Segment Start: Records provided

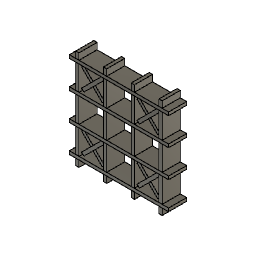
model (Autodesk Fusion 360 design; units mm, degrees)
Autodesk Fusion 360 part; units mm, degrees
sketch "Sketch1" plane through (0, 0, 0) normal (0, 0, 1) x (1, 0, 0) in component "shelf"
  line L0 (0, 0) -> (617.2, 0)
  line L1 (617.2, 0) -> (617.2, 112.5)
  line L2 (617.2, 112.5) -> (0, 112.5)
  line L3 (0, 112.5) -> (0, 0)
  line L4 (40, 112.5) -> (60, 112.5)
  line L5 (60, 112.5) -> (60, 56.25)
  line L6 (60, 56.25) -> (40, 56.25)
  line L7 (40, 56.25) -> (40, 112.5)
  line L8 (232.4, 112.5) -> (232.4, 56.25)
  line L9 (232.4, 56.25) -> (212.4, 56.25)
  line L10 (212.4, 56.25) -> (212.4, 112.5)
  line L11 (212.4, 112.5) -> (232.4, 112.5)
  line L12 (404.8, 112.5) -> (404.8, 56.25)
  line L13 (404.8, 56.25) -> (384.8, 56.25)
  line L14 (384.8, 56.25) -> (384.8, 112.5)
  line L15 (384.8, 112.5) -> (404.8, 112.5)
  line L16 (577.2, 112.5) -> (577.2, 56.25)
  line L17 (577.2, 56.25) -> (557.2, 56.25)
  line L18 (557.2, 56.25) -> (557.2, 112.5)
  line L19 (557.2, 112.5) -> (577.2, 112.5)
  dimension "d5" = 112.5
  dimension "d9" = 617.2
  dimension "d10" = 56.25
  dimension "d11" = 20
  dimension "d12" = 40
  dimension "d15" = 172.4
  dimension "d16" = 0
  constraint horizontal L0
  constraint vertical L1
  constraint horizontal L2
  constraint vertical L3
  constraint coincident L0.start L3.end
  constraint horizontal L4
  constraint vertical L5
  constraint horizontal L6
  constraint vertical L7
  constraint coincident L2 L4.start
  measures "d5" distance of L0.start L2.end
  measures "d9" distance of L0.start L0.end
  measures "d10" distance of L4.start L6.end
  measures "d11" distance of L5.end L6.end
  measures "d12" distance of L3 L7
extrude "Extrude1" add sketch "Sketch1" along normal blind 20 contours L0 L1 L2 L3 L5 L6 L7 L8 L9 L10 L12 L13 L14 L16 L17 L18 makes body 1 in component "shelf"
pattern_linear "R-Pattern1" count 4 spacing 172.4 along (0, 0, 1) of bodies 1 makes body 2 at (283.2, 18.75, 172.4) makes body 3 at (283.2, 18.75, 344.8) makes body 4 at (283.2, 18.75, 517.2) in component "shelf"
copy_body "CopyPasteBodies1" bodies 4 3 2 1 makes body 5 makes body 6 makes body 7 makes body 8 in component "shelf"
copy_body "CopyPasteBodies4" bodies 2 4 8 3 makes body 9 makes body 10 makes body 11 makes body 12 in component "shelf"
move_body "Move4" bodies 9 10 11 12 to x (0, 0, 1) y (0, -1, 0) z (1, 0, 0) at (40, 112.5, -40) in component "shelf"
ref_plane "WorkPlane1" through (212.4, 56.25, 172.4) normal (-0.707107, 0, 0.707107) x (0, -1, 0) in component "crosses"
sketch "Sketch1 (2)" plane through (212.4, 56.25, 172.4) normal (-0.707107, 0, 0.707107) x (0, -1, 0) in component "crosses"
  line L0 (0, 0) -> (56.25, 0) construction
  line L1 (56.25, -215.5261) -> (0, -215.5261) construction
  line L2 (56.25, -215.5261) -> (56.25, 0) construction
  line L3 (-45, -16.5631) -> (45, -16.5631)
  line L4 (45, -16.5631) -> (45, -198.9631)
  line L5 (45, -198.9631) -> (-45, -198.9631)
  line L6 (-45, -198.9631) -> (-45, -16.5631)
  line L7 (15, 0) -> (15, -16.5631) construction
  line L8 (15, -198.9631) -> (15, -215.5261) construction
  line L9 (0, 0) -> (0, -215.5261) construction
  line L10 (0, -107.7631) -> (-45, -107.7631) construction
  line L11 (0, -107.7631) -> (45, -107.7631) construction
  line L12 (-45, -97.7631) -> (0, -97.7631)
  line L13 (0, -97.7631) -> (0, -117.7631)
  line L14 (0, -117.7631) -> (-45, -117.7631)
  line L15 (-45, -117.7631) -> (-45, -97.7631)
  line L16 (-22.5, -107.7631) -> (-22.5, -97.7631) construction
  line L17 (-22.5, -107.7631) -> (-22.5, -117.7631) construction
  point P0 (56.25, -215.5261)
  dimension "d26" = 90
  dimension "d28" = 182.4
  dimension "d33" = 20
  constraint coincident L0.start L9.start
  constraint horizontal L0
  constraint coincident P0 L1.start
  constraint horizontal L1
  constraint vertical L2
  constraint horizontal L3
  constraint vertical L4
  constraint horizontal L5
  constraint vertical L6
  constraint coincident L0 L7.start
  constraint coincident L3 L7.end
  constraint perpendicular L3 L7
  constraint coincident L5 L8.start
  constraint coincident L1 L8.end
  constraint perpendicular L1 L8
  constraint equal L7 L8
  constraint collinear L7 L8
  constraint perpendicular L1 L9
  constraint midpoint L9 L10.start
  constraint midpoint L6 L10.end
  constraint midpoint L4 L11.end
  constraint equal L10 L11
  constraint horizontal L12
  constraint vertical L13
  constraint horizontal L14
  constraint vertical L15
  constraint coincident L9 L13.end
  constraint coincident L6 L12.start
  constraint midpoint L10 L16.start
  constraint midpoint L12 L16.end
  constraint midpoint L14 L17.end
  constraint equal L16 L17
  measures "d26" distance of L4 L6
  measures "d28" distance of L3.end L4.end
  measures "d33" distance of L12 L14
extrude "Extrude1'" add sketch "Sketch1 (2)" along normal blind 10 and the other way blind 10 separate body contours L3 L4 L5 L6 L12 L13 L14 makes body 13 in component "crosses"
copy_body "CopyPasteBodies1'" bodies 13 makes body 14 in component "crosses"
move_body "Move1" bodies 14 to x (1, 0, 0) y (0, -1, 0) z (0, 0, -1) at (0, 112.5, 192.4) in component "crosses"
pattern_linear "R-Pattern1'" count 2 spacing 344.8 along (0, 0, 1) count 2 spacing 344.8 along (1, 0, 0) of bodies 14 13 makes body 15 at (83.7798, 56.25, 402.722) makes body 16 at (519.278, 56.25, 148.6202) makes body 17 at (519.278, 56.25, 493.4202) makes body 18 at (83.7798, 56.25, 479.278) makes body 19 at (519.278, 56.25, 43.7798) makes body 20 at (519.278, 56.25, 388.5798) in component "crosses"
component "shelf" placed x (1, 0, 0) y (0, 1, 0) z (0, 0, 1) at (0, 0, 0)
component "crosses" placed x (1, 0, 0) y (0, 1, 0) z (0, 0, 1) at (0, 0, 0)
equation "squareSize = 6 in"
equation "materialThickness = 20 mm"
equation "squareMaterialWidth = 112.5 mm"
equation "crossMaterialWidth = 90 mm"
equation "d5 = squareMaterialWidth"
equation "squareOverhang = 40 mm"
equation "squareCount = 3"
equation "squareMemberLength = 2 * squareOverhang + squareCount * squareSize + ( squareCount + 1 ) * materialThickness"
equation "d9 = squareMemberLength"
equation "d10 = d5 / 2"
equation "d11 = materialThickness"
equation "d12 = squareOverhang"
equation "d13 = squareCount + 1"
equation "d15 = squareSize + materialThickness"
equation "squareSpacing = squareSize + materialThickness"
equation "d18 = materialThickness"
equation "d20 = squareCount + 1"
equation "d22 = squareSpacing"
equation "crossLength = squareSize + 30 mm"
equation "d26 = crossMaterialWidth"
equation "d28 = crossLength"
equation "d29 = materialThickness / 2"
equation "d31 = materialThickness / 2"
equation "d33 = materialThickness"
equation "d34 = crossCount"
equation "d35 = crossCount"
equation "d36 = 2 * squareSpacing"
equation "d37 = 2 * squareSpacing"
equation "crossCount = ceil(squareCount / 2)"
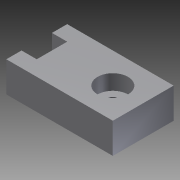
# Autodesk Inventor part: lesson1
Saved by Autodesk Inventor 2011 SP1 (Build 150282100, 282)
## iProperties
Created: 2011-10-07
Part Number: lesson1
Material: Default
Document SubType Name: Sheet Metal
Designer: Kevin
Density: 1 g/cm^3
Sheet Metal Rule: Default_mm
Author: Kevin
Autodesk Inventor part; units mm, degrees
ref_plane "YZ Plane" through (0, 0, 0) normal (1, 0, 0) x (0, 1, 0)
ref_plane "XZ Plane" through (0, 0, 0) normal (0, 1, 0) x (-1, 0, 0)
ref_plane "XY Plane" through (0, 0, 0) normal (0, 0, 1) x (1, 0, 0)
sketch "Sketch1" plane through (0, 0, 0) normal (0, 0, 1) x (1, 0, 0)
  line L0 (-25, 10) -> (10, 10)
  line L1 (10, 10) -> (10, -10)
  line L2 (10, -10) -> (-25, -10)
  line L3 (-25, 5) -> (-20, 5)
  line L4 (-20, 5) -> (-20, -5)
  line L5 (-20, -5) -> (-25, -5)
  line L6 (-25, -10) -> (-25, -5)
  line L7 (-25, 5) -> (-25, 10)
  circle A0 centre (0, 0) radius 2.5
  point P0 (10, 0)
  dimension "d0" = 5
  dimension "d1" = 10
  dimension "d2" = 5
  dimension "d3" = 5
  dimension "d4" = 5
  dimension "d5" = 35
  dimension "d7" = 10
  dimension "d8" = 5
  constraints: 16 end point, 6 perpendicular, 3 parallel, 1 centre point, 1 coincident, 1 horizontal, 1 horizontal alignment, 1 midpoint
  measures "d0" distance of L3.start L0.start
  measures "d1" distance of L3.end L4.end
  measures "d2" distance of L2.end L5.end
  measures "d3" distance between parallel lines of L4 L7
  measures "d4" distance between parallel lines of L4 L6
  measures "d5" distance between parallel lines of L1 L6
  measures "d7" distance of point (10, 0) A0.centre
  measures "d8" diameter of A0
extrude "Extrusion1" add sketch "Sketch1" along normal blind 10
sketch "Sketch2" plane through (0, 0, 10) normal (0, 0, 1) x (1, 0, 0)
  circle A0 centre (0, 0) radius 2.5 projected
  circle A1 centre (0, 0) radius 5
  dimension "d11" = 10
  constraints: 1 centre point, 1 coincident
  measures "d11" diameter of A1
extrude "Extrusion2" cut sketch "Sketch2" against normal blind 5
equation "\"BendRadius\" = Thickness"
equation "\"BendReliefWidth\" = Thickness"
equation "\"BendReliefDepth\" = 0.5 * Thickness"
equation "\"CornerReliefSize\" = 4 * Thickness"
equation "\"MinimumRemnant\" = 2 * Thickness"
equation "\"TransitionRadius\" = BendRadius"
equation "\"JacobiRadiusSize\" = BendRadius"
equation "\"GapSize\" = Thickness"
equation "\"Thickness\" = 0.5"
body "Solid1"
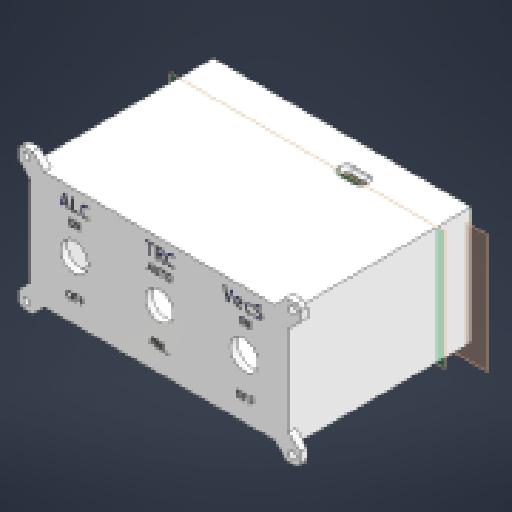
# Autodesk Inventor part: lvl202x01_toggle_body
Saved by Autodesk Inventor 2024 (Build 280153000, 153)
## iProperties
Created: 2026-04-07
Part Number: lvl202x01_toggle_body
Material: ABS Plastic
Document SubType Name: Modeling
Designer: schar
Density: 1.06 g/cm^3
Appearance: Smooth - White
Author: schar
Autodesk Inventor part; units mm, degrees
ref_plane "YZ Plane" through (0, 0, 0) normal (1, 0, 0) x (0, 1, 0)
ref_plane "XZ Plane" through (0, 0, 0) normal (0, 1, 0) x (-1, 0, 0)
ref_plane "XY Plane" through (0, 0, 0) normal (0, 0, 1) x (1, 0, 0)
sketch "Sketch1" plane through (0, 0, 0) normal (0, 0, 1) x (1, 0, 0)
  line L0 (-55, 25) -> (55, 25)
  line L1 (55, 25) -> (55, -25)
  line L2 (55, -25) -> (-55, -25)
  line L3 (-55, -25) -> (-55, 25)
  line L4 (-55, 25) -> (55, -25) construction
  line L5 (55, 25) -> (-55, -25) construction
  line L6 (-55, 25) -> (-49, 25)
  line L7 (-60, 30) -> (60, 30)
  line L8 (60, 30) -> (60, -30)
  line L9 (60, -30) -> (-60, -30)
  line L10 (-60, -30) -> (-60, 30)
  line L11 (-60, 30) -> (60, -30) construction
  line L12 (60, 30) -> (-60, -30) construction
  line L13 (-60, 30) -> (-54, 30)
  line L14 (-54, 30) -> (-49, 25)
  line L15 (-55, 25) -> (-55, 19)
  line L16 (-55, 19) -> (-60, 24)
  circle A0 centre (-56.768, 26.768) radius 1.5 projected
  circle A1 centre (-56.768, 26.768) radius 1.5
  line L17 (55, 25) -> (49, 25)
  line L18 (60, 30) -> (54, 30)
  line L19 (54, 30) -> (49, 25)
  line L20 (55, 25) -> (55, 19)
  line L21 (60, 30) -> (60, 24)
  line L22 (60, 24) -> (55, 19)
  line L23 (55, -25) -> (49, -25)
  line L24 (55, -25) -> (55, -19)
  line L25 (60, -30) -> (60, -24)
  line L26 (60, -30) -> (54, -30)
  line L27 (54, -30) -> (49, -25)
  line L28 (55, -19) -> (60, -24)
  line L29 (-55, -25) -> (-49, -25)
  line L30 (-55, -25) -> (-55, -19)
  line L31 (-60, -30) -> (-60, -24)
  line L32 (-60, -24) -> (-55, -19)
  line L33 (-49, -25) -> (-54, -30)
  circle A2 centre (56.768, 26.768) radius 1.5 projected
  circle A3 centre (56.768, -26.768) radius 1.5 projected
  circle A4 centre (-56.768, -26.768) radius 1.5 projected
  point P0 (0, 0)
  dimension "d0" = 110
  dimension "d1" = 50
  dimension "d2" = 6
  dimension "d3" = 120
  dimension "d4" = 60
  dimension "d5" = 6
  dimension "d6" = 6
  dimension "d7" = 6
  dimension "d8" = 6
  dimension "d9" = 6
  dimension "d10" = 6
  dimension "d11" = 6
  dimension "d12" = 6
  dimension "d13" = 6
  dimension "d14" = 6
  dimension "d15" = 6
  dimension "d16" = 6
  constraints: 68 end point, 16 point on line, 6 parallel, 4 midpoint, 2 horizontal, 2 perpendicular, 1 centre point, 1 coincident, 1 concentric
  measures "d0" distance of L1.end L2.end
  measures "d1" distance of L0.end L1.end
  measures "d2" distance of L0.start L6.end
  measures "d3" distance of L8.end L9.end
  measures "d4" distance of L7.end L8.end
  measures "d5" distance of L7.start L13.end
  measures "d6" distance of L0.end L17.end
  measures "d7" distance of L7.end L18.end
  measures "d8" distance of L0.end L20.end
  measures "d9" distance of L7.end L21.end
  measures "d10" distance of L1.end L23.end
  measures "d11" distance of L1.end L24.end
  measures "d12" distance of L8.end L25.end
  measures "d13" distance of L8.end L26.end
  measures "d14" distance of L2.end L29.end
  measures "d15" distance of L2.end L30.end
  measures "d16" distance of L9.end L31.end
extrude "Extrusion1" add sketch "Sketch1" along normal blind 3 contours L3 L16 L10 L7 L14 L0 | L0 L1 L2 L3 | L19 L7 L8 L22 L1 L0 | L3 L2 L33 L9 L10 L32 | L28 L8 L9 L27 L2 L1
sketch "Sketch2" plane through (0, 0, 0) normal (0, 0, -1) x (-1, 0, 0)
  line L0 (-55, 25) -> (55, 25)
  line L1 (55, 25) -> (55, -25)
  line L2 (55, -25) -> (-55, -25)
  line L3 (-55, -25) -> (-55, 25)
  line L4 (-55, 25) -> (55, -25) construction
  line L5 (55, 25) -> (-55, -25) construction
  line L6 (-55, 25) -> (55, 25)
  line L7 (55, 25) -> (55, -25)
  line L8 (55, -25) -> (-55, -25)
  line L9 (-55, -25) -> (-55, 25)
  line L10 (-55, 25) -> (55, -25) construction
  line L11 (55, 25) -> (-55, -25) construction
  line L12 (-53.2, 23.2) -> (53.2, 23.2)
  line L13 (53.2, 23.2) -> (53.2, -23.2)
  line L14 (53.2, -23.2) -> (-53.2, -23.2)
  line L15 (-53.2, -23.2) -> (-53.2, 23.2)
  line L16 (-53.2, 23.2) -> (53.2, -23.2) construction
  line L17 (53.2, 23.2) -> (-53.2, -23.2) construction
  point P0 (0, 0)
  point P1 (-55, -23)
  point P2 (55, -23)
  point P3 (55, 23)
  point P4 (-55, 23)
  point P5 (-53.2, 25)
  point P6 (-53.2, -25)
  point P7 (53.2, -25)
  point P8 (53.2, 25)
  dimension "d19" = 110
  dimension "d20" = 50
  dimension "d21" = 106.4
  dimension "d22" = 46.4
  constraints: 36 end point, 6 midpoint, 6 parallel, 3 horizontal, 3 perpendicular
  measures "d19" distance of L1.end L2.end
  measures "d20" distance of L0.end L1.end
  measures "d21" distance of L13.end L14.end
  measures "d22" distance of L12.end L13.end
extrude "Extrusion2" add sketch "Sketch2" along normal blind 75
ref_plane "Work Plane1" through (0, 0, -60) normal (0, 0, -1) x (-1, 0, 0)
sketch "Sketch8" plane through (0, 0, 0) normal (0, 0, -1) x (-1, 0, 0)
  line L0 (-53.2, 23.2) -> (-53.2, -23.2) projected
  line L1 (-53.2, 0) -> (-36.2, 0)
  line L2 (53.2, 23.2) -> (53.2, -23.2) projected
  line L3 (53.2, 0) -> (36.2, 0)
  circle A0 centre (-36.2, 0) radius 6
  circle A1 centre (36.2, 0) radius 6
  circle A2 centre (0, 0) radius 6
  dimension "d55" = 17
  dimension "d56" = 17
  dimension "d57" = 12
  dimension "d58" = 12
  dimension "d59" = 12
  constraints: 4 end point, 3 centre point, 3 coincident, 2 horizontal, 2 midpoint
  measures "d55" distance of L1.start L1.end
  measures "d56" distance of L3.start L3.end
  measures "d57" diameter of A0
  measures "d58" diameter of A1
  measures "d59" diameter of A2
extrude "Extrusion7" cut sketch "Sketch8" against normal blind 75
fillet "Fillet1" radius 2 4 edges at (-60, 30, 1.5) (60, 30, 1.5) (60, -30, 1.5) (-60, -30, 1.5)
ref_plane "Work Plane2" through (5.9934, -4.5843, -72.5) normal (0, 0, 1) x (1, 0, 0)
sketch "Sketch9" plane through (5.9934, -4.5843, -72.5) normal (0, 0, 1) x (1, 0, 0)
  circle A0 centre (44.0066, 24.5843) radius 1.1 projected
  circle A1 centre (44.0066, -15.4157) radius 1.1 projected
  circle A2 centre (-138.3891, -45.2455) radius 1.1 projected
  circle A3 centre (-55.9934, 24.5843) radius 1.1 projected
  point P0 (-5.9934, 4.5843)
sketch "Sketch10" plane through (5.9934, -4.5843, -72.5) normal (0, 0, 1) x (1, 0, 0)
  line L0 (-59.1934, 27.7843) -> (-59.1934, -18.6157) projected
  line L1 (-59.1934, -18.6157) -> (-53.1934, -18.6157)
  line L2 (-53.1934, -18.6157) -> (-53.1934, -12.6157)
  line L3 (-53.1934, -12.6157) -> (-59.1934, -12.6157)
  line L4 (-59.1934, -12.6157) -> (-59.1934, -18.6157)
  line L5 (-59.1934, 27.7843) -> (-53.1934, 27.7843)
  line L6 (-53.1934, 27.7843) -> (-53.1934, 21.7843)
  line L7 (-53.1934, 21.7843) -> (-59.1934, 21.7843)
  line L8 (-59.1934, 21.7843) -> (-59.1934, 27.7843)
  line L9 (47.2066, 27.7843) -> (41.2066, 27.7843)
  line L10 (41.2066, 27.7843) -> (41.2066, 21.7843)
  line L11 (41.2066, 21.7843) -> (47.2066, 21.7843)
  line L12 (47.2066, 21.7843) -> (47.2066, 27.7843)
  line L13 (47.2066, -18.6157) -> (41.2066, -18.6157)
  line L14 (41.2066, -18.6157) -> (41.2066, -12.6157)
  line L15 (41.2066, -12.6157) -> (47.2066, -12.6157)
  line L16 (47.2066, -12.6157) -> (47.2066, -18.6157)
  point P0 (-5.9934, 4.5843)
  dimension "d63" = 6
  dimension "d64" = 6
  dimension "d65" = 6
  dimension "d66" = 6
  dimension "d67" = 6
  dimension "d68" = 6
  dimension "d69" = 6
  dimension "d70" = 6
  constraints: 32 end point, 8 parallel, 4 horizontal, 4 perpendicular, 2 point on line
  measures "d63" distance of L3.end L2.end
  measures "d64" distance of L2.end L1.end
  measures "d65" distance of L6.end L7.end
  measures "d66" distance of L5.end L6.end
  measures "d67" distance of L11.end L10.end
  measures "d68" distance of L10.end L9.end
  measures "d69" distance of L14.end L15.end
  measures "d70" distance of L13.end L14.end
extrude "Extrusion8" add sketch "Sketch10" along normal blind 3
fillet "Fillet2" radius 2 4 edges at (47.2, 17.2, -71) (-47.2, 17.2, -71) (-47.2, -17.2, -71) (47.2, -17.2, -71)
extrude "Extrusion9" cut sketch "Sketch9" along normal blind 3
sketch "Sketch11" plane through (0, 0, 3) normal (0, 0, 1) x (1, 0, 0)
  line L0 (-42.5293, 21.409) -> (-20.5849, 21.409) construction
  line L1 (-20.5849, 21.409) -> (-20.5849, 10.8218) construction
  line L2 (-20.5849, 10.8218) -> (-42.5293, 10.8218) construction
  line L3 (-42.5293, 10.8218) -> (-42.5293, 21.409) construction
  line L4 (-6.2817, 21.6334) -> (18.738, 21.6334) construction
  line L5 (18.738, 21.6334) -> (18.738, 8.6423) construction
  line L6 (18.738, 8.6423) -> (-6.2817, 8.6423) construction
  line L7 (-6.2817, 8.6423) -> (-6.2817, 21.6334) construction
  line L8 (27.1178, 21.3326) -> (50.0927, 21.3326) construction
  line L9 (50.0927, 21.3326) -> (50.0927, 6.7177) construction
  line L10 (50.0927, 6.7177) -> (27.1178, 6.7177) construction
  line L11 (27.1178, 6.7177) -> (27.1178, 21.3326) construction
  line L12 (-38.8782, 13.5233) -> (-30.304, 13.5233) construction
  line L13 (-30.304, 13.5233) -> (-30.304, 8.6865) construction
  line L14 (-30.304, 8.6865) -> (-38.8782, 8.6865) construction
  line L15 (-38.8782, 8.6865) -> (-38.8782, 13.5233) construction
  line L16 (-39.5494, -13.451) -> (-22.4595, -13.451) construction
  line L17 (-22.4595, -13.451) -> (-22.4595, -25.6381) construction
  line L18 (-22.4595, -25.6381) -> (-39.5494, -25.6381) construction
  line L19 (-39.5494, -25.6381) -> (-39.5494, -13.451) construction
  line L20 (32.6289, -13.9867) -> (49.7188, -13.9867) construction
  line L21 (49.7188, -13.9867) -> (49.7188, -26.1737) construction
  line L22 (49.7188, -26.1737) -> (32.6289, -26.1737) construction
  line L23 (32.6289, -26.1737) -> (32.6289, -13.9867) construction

Segment End: Records provided

In your answer, include only the lines above starting at the line that holds "constraint perpendicular L3 L7" and ending at the line that holds "constraint midpoint L9 L10.start", copied exactly.

• Output for this task
  constraint perpendicular L3 L7
  constraint coincident L5 L8.start
  constraint coincident L1 L8.end
  constraint perpendicular L1 L8
  constraint equal L7 L8
  constraint collinear L7 L8
  constraint perpendicular L1 L9
  constraint midpoint L9 L10.start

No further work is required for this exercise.